続く中島氏のご講演では、2001年にデリダが中国を訪問した時の講演内容とエピソードを追いながら、西洋/東洋といった制約を解除して無条件的なものへと開かれようとするデリダと中国の現象学者との間に生まれたある種の軋轢が詳しく論じられました。「中国には哲学はなく、あるのは思想だけだ」というデリダの言葉に中国側の学者が多大なショックを受けたことは、どうも人ごとのように思うことができず、私の心にも動揺が走ります。中国でのデリダについてのお話を通じて、無条件的な普遍というそれ自体〈西洋的〉なアイデアをあらためて問うべき時空が生成する、そういう一つの運動が立ち現れてきたと言えると思います。
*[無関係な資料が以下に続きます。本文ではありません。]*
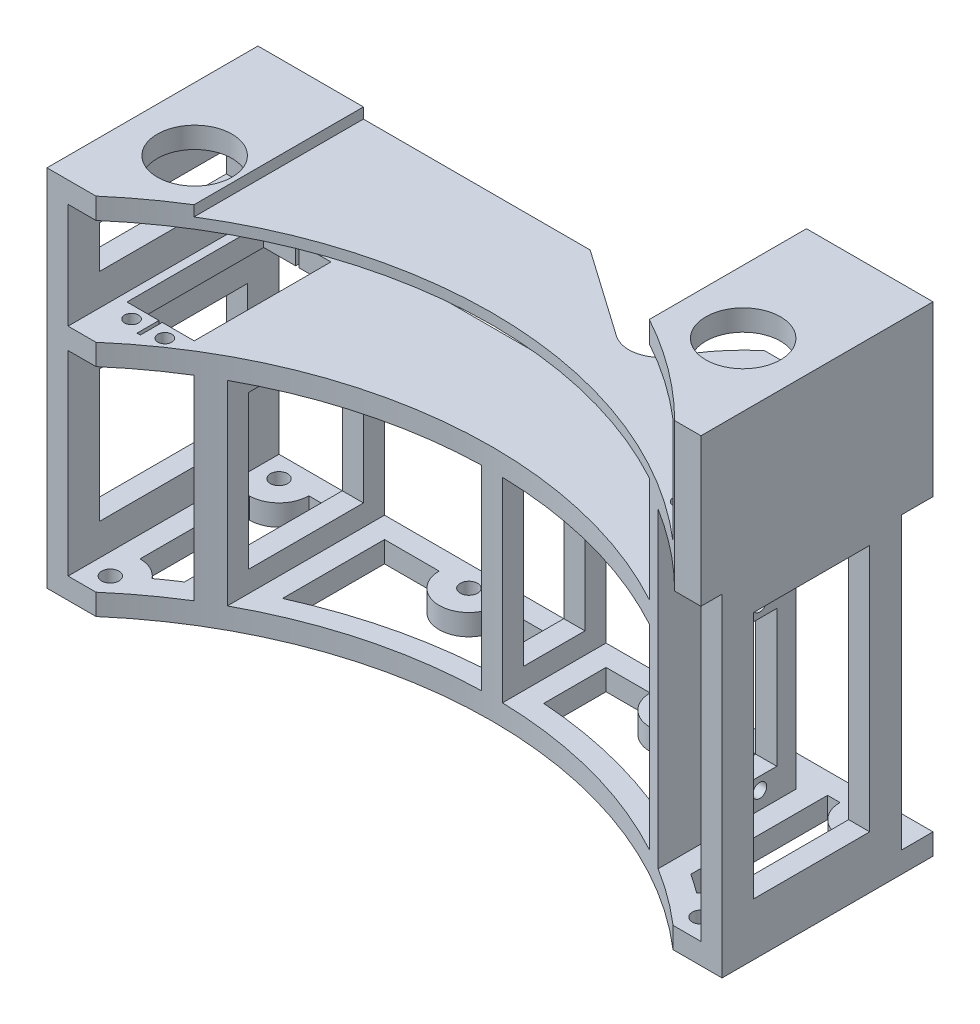
SolidWorks part; units mm, degrees
ref_plane "Front Plane" through (0, 0, 0) normal (0, 0, 1) x (1, 0, 0)
ref_plane "Top Plane" through (0, 0, 0) normal (0, 1, 0) x (1, 0, 0)
ref_plane "Right Plane" through (0, 0, 0) normal (1, 0, 0) x (0, 0, -1)
sketch "Sketch1" plane through (0, 0, 0) normal (0, 0, 1) x (1, 0, 0)
  line L0 (-101.6, 106.425) -> (101.6, 106.425)
  line L1 (-101.6, 0) -> (101.6, 0)
  line L2 (-101.6, 0) -> (-101.6, 106.425)
  line L4 (101.6, 0) -> (101.6, 106.425)
  point P5 (0, 0)
  dimension "D1" = 203.2
  dimension "D2" = 106.425
extrude "Boss-Extrude1" add sketch "Sketch1" along normal mid plane 63.5 contours L1 L4 L0 L2 | L0 region at (0, 53.2125, 0)
sketch "Sketch4" plane through (0, 0, -31.75) normal (0, 0, -1) x (-1, 0, 0)
  line L0 (-101.6, 0) -> (-101.6, 106.425) construction
  line L1 (101.6, 0) -> (101.6, 106.425) construction
  line L2 (-95.25, 103.25) -> (95.25, 103.25)
  line L3 (-95.25, 103.25) -> (-95.25, 71.5)
  line L4 (-95.25, 71.5) -> (95.25, 71.5)
  line L5 (95.25, 103.25) -> (95.25, 71.5)
  line L11 (-95.25, 65.15) -> (95.25, 65.15)
  line L12 (-95.25, 65.15) -> (-95.25, 6.35)
  line L13 (-95.25, 6.35) -> (95.25, 6.35)
  line L14 (95.25, 65.15) -> (95.25, 6.35)
  line L15 (101.6, 0) -> (-101.6, 0) construction
  dimension "D4" = 6.35
  dimension "D1" = 6.35
  dimension "D2" = 71.5
  dimension "D3" = 6.35
  dimension "D5" = 6.35
  dimension "D6" = 31.75
extrude "Cut-Extrude2" cut sketch "Sketch4" against normal through all
sketch "Sketch8" plane through (0, 0, 0) normal (0, 0, 1) x (1, 0, 0)
  line L0 (-95.25, 65.15) -> (95.25, 65.15) construction
  line L1 (-69.85, 65.15) -> (-63.5, 65.15)
  line L2 (-69.85, 65.15) -> (-69.85, 6.35)
  line L3 (-69.85, 6.35) -> (-63.5, 6.35)
  line L4 (-63.5, 65.15) -> (-63.5, 6.35)
  line L5 (95.25, 6.35) -> (-95.25, 6.35) construction
  line L6 (-95.25, 103.25) -> (95.25, 103.25) construction
  line L7 (63.5, 103.25) -> (69.85, 103.25)
  line L8 (63.5, 103.25) -> (63.5, 6.35)
  line L9 (63.5, 6.35) -> (69.85, 6.35)
  line L10 (69.85, 103.25) -> (69.85, 6.35)
  line L11 (95.25, 65.15) -> (95.25, 6.35) construction
  line L12 (-95.25, 6.35) -> (-95.25, 65.15) construction
  line L13 (-101.6, 0) -> (101.6, 0) construction
  line L14 (-3.175, 65.15) -> (3.175, 65.15)
  line L15 (-3.175, 65.15) -> (-3.175, 6.35)
  line L16 (-3.175, 6.35) -> (3.175, 6.35)
  line L17 (3.175, 65.15) -> (3.175, 6.35)
  point P24 (0, 0)
  point P25 (0, 6.35)
  dimension "D1" = 6.35
  dimension "D2" = 6.35
  dimension "D3" = 25.4
  dimension "D4" = 25.4
  dimension "D5" = 6.35
extrude "Boss-Extrude2" add sketch "Sketch8" along normal up to surface (31.75 mm away) from surface up to face at (0, 87.375, 31.75) starting at face at (0, 87.375, -31.75)
sketch "Sketch15" plane through (0, 103.25, 0) normal (0, -1, 0) x (1, 0, 0)
  line L4 (69.85, 31.75) -> (69.85, -31.75)
  line L5 (69.85, -31.75) -> (95.25, -31.75)
  line L6 (95.25, -31.75) -> (95.25, 31.75)
  line L7 (95.25, 31.75) -> (69.85, 31.75)
  line L8 (69.85, 31.75) -> (69.85, -31.75)
  line L9 (69.85, -31.75) -> (95.25, -31.75)
  line L10 (95.25, -31.75) -> (95.25, 31.75)
  line L11 (95.25, 31.75) -> (69.85, 31.75)
  dimension "D1" = 0
extrude "Boss-Extrude4" add sketch "Sketch15" along normal blind 3.175
sketch "Sketch2" plane through (0, 71.5, 0) normal (0, 1, 0) x (1, 0, 0)
  line L0 (-92.677, 24.55) -> (-72.423, -16.604) construction
  line L29 (-92.677, 24.55) -> (-83.05, 24.55)
  line L30 (-92.677, 24.55) -> (-92.677, -16.604)
  line L31 (-92.677, -16.604) -> (-83.05, -16.604)
  line L34 (-72.423, 24.55) -> (-72.423, -16.604)
  line L58 (69.85, 31.75) -> (69.85, -31.75)
  line L59 (69.85, -31.75) -> (95.25, -31.75)
  line L60 (95.25, -31.75) -> (95.25, 31.75)
  line L61 (95.25, 31.75) -> (69.85, 31.75)
  line L62 (69.85, 31.75) -> (69.85, -31.75)
  line L63 (69.85, -31.75) -> (95.25, -31.75)
  line L64 (95.25, -31.75) -> (95.25, 31.75)
  line L65 (95.25, 31.75) -> (69.85, 31.75)
  line L78 (-72.423, 24.55) -> (-92.677, -16.604) construction
  line L79 (-87.55, 28.273) -> (-77.55, -20.327) construction
  line L80 (-87.55, -20.327) -> (-77.55, 28.273) construction
  line L81 (-82.05, -16.604) -> (-72.423, -16.604)
  line L82 (-82.05, -16.604) -> (-82.05, -23.208)
  line L83 (-82.05, -23.208) -> (-83.05, -23.208)
  line L84 (-83.05, -16.604) -> (-83.05, -23.208)
  line L85 (-82.55, 3.973) -> (-13.3966, 3.973) construction
  line L86 (-82.05, 31.154) -> (-83.05, 31.154)
  line L87 (-82.05, 24.55) -> (-82.05, 31.154)
  line L88 (-83.05, 24.55) -> (-83.05, 31.154)
  line L89 (-82.05, 24.55) -> (-72.423, 24.55)
  line L90 (-101.6, -31.75) -> (101.6, -31.75) construction
  line L91 (-101.6, -31.75) -> (-101.6, 31.75) construction
  circle A12 centre (-87.55, -20.327) radius 2.1
  circle A13 centre (-77.55, -20.327) radius 2.1
  circle A14 centre (-87.55, 28.273) radius 2.1
  circle A15 centre (-77.55, 28.273) radius 2.1
  point P8 (-82.55, -23.208)
  point P17 (-82.55, 3.973)
  point P18 (-82.55, 3.973)
  point P27 (-82.55, -6.35)
  dimension "D3" = 48.6
  dimension "D4" = 4.2
  dimension "D2" = 10
  dimension "D5" = 41.154
  dimension "D6" = 20.254
  dimension "D7" = 1
  dimension "D8" = 6.604
  dimension "D9" = 30.9
  dimension "D10" = 25.4
  dimension "D11" = 0
  dimension "D12" = 19.05
extrude "Cut-Extrude3" cut sketch "Sketch2" against normal up to next
sketch "Sketch9" plane through (0, 106.425, 0) normal (0, 1, 0) x (1, 0, 0)
  line L0 (72.423, 24.55) -> (92.677, -16.604) construction
  line L1 (72.423, 24.55) -> (82.05, 24.55)
  line L2 (72.423, 24.55) -> (72.423, -16.604)
  line L3 (72.423, -16.604) -> (82.05, -16.604)
  line L4 (92.677, 24.55) -> (92.677, -16.604)
  line L5 (92.677, 24.55) -> (72.423, -16.604) construction
  line L6 (77.55, 28.273) -> (87.55, -20.327) construction
  line L7 (77.55, -20.327) -> (87.55, 28.273) construction
  line L8 (83.05, -16.604) -> (92.677, -16.604)
  line L9 (83.05, -16.604) -> (83.05, -23.208)
  line L10 (83.05, -23.208) -> (82.05, -23.208)
  line L11 (82.05, -16.604) -> (82.05, -23.208)
  line L12 (82.55, 3.973) -> (164.4034, 3.973) construction
  line L13 (83.05, 31.154) -> (82.05, 31.154)
  line L14 (83.05, 24.55) -> (83.05, 31.154)
  line L15 (82.05, 24.55) -> (82.05, 31.154)
  line L16 (83.05, 24.55) -> (92.677, 24.55)
  line L17 (101.6, -31.75) -> (101.6, 31.75) construction
  line L19 (-101.6, -31.75) -> (101.6, -31.75) construction
  circle A0 centre (77.55, -20.327) radius 2.1
  circle A1 centre (87.55, -20.327) radius 2.1
  circle A2 centre (77.55, 28.273) radius 2.1
  circle A3 centre (87.55, 28.273) radius 2.1
  point P8 (82.55, -23.208)
  point P17 (82.55, 3.973)
  point P18 (82.55, 3.973)
  point P27 (82.55, -6.35)
  dimension "D3" = 4.2
  dimension "D1" = 10
  dimension "D2" = 48.6
  dimension "D4" = 41.154
  dimension "D5" = 20.254
  dimension "D6" = 1
  dimension "D7" = 6.604
  dimension "D8" = 30.9
  dimension "D9" = 19.05
  dimension "D10" = 25.4
extrude "Cut-Extrude4" cut sketch "Sketch9" against normal up to next
sketch "Sketch12" plane through (0, 0, 0) normal (0, 1, 0) x (1, 0, 0)
  line L0 (-63.5, -31.75) -> (-63.5, 31.75) construction
  line L1 (-69.85, -31.75) -> (-95.25, -31.75) construction
  line L2 (-95.25, -31.75) -> (-95.25, 31.75) construction
  line L3 (-101.6, 31.75) -> (101.6, 31.75) construction
  circle A0 centre (-88.9, 25.4) radius 2.6
  circle A1 centre (-88.9, -25.4) radius 2.6
  circle A2 centre (-31.75, 25.4) radius 2.6
  dimension "D1" = 5.2
  dimension "D2" = 6.35
  dimension "D3" = 6.35
  dimension "D4" = 6.35
  dimension "D5" = 31.75
extrude "Cut-Extrude7" cut sketch "Sketch12" along normal up to surface (6.35 mm away) and the other way through all up to face at (-33.3375, 6.35, 0)
mirror "Mirror1" about plane through (0, 0, 0) normal (1, 0, 0) of "Cut-Extrude7"
sketch "Sketch16" plane through (0, 106.425, 0) normal (0, 1, 0) x (1, 0, 0)
  line L2 (-69.85, 31.75) -> (-101.6, 31.75)
  line L3 (-101.6, 31.75) -> (-101.6, -31.75)
  line L12 (-101.6, -31.75) -> (-69.85, -31.75)
  line L13 (-69.85, 31.75) -> (-69.85, -31.75)
  dimension "D1" = 31.75
extrude "Boss-Extrude5" add sketch "Sketch16" along normal blind 3.175
sketch "Sketch17" plane through (0, 109.6, 0) normal (0, 1, 0) x (1, 0, 0)
  line L0 (-101.6, -31.75) -> (-69.85, -31.75) construction
  line L1 (-101.6, 31.75) -> (-101.6, -31.75) construction
  circle A0 centre (-82.55, -6.35) radius 11.2395
  dimension "D3" = 22.479
  dimension "D1" = 25.4
  dimension "D2" = 19.05
extrude "Cut-Extrude8" cut sketch "Sketch17" against normal up to next
sketch "Sketch18" plane through (0, 106.425, 0) normal (0, 1, 0) x (1, 0, 0)
  line L5 (101.6, -31.75) -> (101.6, 31.75) construction
  line L6 (-69.85, -31.75) -> (101.6, -31.75) construction
  line L14 (101.6, -31.75) -> (101.6, 31.75)
  line L15 (101.6, 31.75) -> (95.25, 31.75)
  line L16 (95.25, -31.75) -> (95.25, 31.75)
  line L22 (95.25, -31.75) -> (82.55, -31.75)
  line L23 (101.6, -31.75) -> (101.6, -38.1)
  line L24 (101.6, -38.1) -> (82.55, -38.1)
  line L25 (82.55, -31.75) -> (82.55, -38.1)
  dimension "D4" = 6.35
  dimension "D5" = 19.05
extrude "Boss-Extrude6" add sketch "Sketch18" along normal blind 38.1 from surface starting at face at (87.55, 100.075, 18.227)
sketch "Sketch20" plane through (0, 138.175, 0) normal (0, 1, 0) x (1, 0, 0)
  line L1 (63.5, 31.75) -> (101.6, 31.75)
  line L2 (63.5, 31.75) -> (63.5, -38.1)
  line L3 (63.5, -38.1) -> (101.6, -38.1)
  line L4 (101.6, 31.75) -> (101.6, -38.1)
  line L6 (-69.85, -31.75) -> (82.55, -31.75) construction
  circle A0 centre (82.55, -6.35) radius 11.2395
  dimension "D2" = 19.05
  dimension "D1" = 22.479
  dimension "D4" = 38.1
  dimension "D3" = 25.4
extrude "Boss-Extrude7" add sketch "Sketch20" along normal blind 6.35
sketch "Sketch10" plane through (0, 106.425, 0) normal (0, 1, 0) x (1, 0, 0)
  circle A3 centre (0, -132.08) radius 131.1117 construction
  circle A4 centre (0, -132.08) radius 131.1117 construction
  circle A5 centre (0, -132.08) radius 132.6992
  dimension "D1" = 1.5875
extrude "Cut-Extrude5" cut sketch "Sketch10" against normal through all both and the other way through all
sketch "Sketch21" plane through (0, 106.425, 0) normal (0, 1, 0) x (1, 0, 0)
  line L5 (34.6759, 6.35) -> (-1.5991, 31.75)
  line L6 (-69.85, 31.75) -> (95.25, 31.75) construction
  line L7 (-1.5991, 31.75) -> (50.9018, 31.75)
  arc A1 (34.6759, 6.35) -> (50.9018, 31.75) centre (82.55, -6.35) cw
  dimension "D2" = 49.53
  dimension "D1" = 35
  dimension "D3" = 25.4
extrude "Cut-Extrude10" cut sketch "Sketch21" against normal up to surface (3.175 mm away) up to face at (-82.55, 103.25, 17.5895)
sketch "Sketch32" plane through (0, 6.35, 0) normal (0, 1, 0) x (1, 0, 0)
  line L8 (76.2, 25.4) -> (76.2, -15.769)
  line L9 (88.9, -25.1619) -> (88.9, 25.4)
  line L10 (88.9, 25.4) -> (76.2, 25.4)
  line L11 (76.2, 25.4) -> (76.2, -15.769)
  line L12 (88.9, -16.45) -> (88.9, 16.45)
  line L13 (79.95, 25.4) -> (76.2, 25.4)
  line L32 (-57.15, 25.4) -> (-57.15, -5.3182)
  line L33 (-9.525, 6.6426) -> (-9.525, 25.4)
  line L40 (-76.2, -15.769) -> (-76.2, 25.4)
  line L41 (-76.2, 25.4) -> (-88.9, 25.4)
  line L42 (-88.9, 25.4) -> (-88.9, -25.1619)
  line L43 (-76.2, -15.769) -> (-76.2, 25.4)
  line L44 (-76.2, 25.4) -> (-79.95, 25.4)
  line L45 (-88.9, 16.45) -> (-88.9, -16.45)
  line L48 (-9.525, 25.4) -> (-57.15, 25.4)
  line L49 (-57.15, 25.4) -> (-57.15, -5.3182)
  line L50 (-9.525, 6.6426) -> (-9.525, 25.4)
  line L67 (-9.525, 25.4) -> (-22.8, 25.4)
  line L68 (-40.7, 25.4) -> (-57.15, 25.4)
  line L69 (22.8, 25.4) -> (9.525, 25.4)
  line L71 (9.525, 25.4) -> (9.525, 6.6426)
  line L72 (57.15, -5.3181) -> (57.15, 25.4)
  line L73 (57.15, 25.4) -> (9.525, 25.4)
  line L74 (9.525, 25.4) -> (9.525, 6.6426)
  line L75 (57.15, -5.3181) -> (57.15, 25.4)
  line L76 (57.15, 25.4) -> (40.7, 25.4)
  circle A2 centre (88.9, 25.4) radius 8.95
  arc A3 (79.95, 25.4) -> (88.9, 16.45) centre (88.9, 25.4) ccw
  arc A8 (88.9, -25.1619) -> (76.2, -15.769) centre (0, -132.08) ccw
  circle A9 centre (88.9, -25.4) radius 8.95
  arc A10 (88.9, -16.45) -> (81.9575, -19.7516) centre (88.9, -25.4) ccw
  arc A11 (81.9575, -19.7516) -> (76.2, -15.769) centre (0, -132.08) ccw
  circle A13 centre (-31.75, 25.4) radius 8.95
  arc A22 (-76.2, -15.769) -> (-88.9, -25.1619) centre (0, -132.08) ccw
  arc A23 (-76.2, -15.769) -> (-81.9575, -19.7516) centre (0, -132.08) ccw
  arc A26 (-40.7, 25.4) -> (-22.8, 25.4) centre (-31.75, 25.4) ccw
  circle A27 centre (-88.9, 25.4) radius 8.95
  arc A28 (-88.9, 16.45) -> (-79.95, 25.4) centre (-88.9, 25.4) ccw
  circle A30 centre (-88.9, -25.4) radius 8.95
  arc A31 (-81.9575, -19.7516) -> (-88.9, -16.45) centre (-88.9, -25.4) ccw
  circle A33 centre (31.75, 25.4) radius 8.95
  arc A35 (22.8, 25.4) -> (40.7, 25.4) centre (31.75, 25.4) ccw
  arc A38 (-9.525, 6.6426) -> (-57.15, -5.3182) centre (0, -132.08) ccw
  arc A39 (-9.525, 6.6426) -> (-57.15, -5.3182) centre (0, -132.08) ccw
  arc A42 (57.15, -5.3181) -> (9.525, 6.6426) centre (0, -132.08) ccw
  arc A43 (57.15, -5.3181) -> (9.525, 6.6426) centre (0, -132.08) ccw
  dimension "D1" = 6.35
  dimension "D2" = 6.35
  dimension "D3" = 6.35
  dimension "D4" = 6.35
  dimension "D5" = 6.35
  dimension "D6" = 6.35
  dimension "D7" = 6.35
  dimension "D8" = 6.35
  dimension "D9" = 6.35
  dimension "D10" = 6.35
extrude "Cut-Extrude19" cut sketch "Sketch32" against normal up to next
sketch "Sketch23" plane through (0, 0, -31.75) normal (0, 0, -1) x (-1, 0, 0)
  line L1 (-101.6, 6.35) -> (-57.15, 6.35)
  line L2 (-101.6, 6.35) -> (-101.6, 93.725)
  line L3 (-101.6, 93.725) -> (-57.15, 93.725)
  line L4 (-57.15, 6.35) -> (-57.15, 93.725)
  line L7 (-63.5, 71.5) -> (95.25, 71.5) construction
  line L9 (-63.5, 65.15) -> (-63.5, 6.35) construction
  line L10 (-101.6, 0) -> (-101.6, 144.525) construction
  line L11 (-63.5, 6.35) -> (-3.175, 6.35) construction
  dimension "D1" = 6.35
  dimension "D2" = 22.225
extrude "Cut-Extrude11" cut sketch "Sketch23" against normal blind 9.525
sketch "Sketch24" plane through (63.5, 0, 0) normal (-1, 0, 0) x (0, 0, 1)
  line L0 (-16.477, 56.354) -> (3.777, 15.2) construction
  line L1 (-16.477, 56.354) -> (-6.85, 56.354)
  line L2 (-16.477, 56.354) -> (-16.477, 15.2)
  line L3 (-16.477, 15.2) -> (-6.85, 15.2)
  line L4 (3.777, 56.354) -> (3.777, 15.2)
  line L5 (3.777, 56.354) -> (-16.477, 15.2) construction
  line L6 (-11.35, 60.077) -> (-1.35, 11.477) construction
  line L7 (-11.35, 11.477) -> (-1.35, 60.077) construction
  line L8 (-5.85, 15.2) -> (3.777, 15.2)
  line L9 (-5.85, 15.2) -> (-5.85, 8.596)
  line L10 (-5.85, 8.596) -> (-6.85, 8.596)
  line L11 (-6.85, 15.2) -> (-6.85, 8.596)
  line L12 (-6.35, 35.777) -> (65.4757, 35.777) construction
  line L13 (-5.85, 62.958) -> (-6.85, 62.958)
  line L14 (-5.85, 56.354) -> (-5.85, 62.958)
  line L15 (-6.85, 56.354) -> (-6.85, 62.958)
  line L16 (-5.85, 56.354) -> (3.777, 56.354)
  line L17 (-22.225, 65.15) -> (-22.225, 6.35) construction
  line L18 (15.5603, 65.15) -> (-22.225, 65.15) construction
  circle A0 centre (-11.35, 11.477) radius 2.1
  circle A1 centre (-1.35, 11.477) radius 2.1
  circle A2 centre (-11.35, 60.077) radius 2.1
  circle A3 centre (-1.35, 60.077) radius 2.1
  point P8 (-6.35, 8.596)
  point P17 (-6.35, 35.777)
  point P18 (-6.35, 35.777)
  point P27 (-6.35, 46.1)
  dimension "D3" = 4.2
  dimension "D1" = 10
  dimension "D2" = 48.6
  dimension "D4" = 41.154
  dimension "D5" = 20.254
  dimension "D6" = 1
  dimension "D7" = 6.604
  dimension "D8" = 30.9
  dimension "D9" = 15.875
  dimension "D10" = 19.05
extrude "Cut-Extrude12" cut sketch "Sketch24" against normal up to next
sketch "Sketch26" plane through (95.25, 0, 0) normal (-1, 0, 0) x (0, 0, 1)
  line L12 (-12.7, 90.55) -> (-12.7, 15.875)
  line L13 (-12.7, 15.875) -> (22.225, 15.875)
  line L14 (22.225, 15.875) -> (22.225, 90.55)
  line L15 (22.225, 90.55) -> (-12.7, 90.55)
  line L16 (-12.7, 90.55) -> (-12.7, 15.875)
  line L17 (-12.7, 15.875) -> (22.225, 15.875)
  line L18 (22.225, 15.875) -> (22.225, 90.55)
  line L19 (22.225, 90.55) -> (-12.7, 90.55)
  dimension "D1" = 9.525
extrude "Cut-Extrude13" cut sketch "Sketch26" against normal up to next
sketch "Sketch27" plane through (63.5, 0, 0) normal (-1, 0, 0) x (0, 0, 1)
  line L12 (-15.875, 96.9) -> (-15.875, 77.85)
  line L13 (-15.875, 77.85) -> (9.2103, 77.85)
  line L14 (9.2103, 77.85) -> (9.2103, 96.9)
  line L15 (9.2103, 96.9) -> (-15.875, 96.9)
  line L16 (-15.875, 96.9) -> (-15.875, 77.85)
  line L17 (-15.875, 77.85) -> (9.2103, 77.85)
  line L18 (9.2103, 77.85) -> (9.2103, 96.9)
  line L19 (9.2103, 96.9) -> (-15.875, 96.9)
  dimension "D1" = 6.35
extrude "Cut-Extrude14" cut sketch "Sketch27" against normal up to next
sketch "Sketch28" plane through (3.175, 0, 0) normal (1, 0, 0) x (0, 0, -1)
  line L8 (25.4, 58.8) -> (6.9312, 58.8)
  line L9 (6.9312, 58.8) -> (6.9312, 12.7)
  line L10 (6.9312, 12.7) -> (25.4, 12.7)
  line L11 (25.4, 12.7) -> (25.4, 58.8)
  line L12 (25.4, 58.8) -> (6.9312, 58.8)
  line L13 (6.9312, 58.8) -> (6.9312, 12.7)
  line L14 (6.9312, 12.7) -> (25.4, 12.7)
  line L15 (25.4, 12.7) -> (25.4, 58.8)
  dimension "D1" = 6.35
extrude "Cut-Extrude15" cut sketch "Sketch28" against normal up to next
sketch "Sketch29" plane through (-63.5, 0, 0) normal (1, 0, 0) x (0, 0, -1)
  line L8 (25.4, 58.8) -> (-9.2103, 58.8)
  line L9 (-9.2103, 58.8) -> (-9.2103, 12.7)
  line L10 (-9.2103, 12.7) -> (25.4, 12.7)
  line L11 (25.4, 12.7) -> (25.4, 58.8)
  line L12 (25.4, 58.8) -> (-9.2103, 58.8)
  line L13 (-9.2103, 58.8) -> (-9.2103, 12.7)
  line L14 (-9.2103, 12.7) -> (25.4, 12.7)
  line L15 (25.4, 12.7) -> (25.4, 58.8)
  dimension "D1" = 6.35
extrude "Cut-Extrude16" cut sketch "Sketch29" against normal up to next
sketch "Sketch30" plane through (-95.25, 0, 0) normal (1, 0, 0) x (0, 0, -1)
  line L8 (22.225, 15.875) -> (22.225, 55.625)
  line L9 (22.225, 55.625) -> (-22.225, 55.625)
  line L10 (-22.225, 55.625) -> (-22.225, 15.875)
  line L11 (-22.225, 15.875) -> (22.225, 15.875)
  line L12 (22.225, 15.875) -> (22.225, 55.625)
  line L13 (22.225, 55.625) -> (-22.225, 55.625)
  line L14 (-22.225, 55.625) -> (-22.225, 15.875)
  line L15 (-22.225, 15.875) -> (22.225, 15.875)
  dimension "D1" = 9.525
extrude "Cut-Extrude17" cut sketch "Sketch30" against normal up to next
sketch "Sketch31" plane through (-95.25, 0, 0) normal (1, 0, 0) x (0, 0, -1)
  line L4 (22.225, 81.025) -> (22.225, 93.725)
  line L6 (22.225, 81.025) -> (22.225, 93.725)
  line L9 (22.225, 93.725) -> (-22.225, 93.725)
  line L10 (-22.225, 93.725) -> (-22.225, 81.025)
  line L11 (-22.225, 81.025) -> (22.225, 81.025)
  line L13 (22.225, 93.725) -> (-22.225, 93.725)
  line L14 (-22.225, 93.725) -> (-22.225, 81.025)
  line L15 (-22.225, 81.025) -> (22.225, 81.025)
  dimension "D1" = 9.525
extrude "Cut-Extrude18" cut sketch "Sketch31" against normal up to next
fillet "Fillet1" radius 9.525 1 edges at (34.6759, 104.8375, -6.35)
equation "\"tightTol\"= 0.005in"
equation "\"normTol\"= 0.01in"
equation "\"looseTol\"= 0.02in"
equation "\"D1@Sketch12\"=5.2mm"
equation "\"D2@Sketch1\"=8mm+0.5+3.25+0.125"
equation "\"D2@Sketch4\"=8mm+0.25+2.25"
equation "\"D3@Sketch17\" = 7 / 8 + \"normTol\""
equation "\"D1@Sketch20\"=7/8+\"normTol\""

そもそもフッサールの『危機』は「新たな普遍学」としての現象学を求めるものでしたが、その〈普遍性〉は先にも述べたように、テリトリーの拡張とは違う、何重にも変異した雑多な広がりとして現実化してきました。この「運動」は明らかに政治的な思想運動を目指すものではないですが、だからといって、没政治的でもありえないでしょう。むしろ、思考が生き物のように境界を侵犯する現象学の動きに、普遍をムーブメントとして別様にイメージするための想像力の源泉を掘り出すことができるのかもしれない−−−−。
(左から、田口氏、中島氏、志野、池田、合田)
告知をしている段階で、またこの日の懇親会で、「異境って何のことですか」と尋ねられることがしばしばありました。私としては、その問いに何かを言えるかどうかの端緒に立ったばかりだとしか言えません。この言葉には、最初から障害なく伝わる既定の説明が存在しないからこそ、私たちに想像や思考を喚起するところがあります。三年間かけて問いたずねるために、「異境とは何か」をオープニングの問いに掲げました。「異境って何のことですか」という問いが生じたならば、私たちと同じ問いを共有してくれたということだと思います。今後の展開にぜひお付き合いいただければ嬉しいです。
最後に、今回のシンポジウムにあわせて、ポスターのデザインとホームページの制作をタイトなスケジュールのなかで引き受けてくださった、沖縄の仲宗根香織さんにお礼申し上げます。この日の懇親会は、沖縄料理屋で泡盛を飲みながらの楽しい語らいの時となりましたことも付け加えておきます。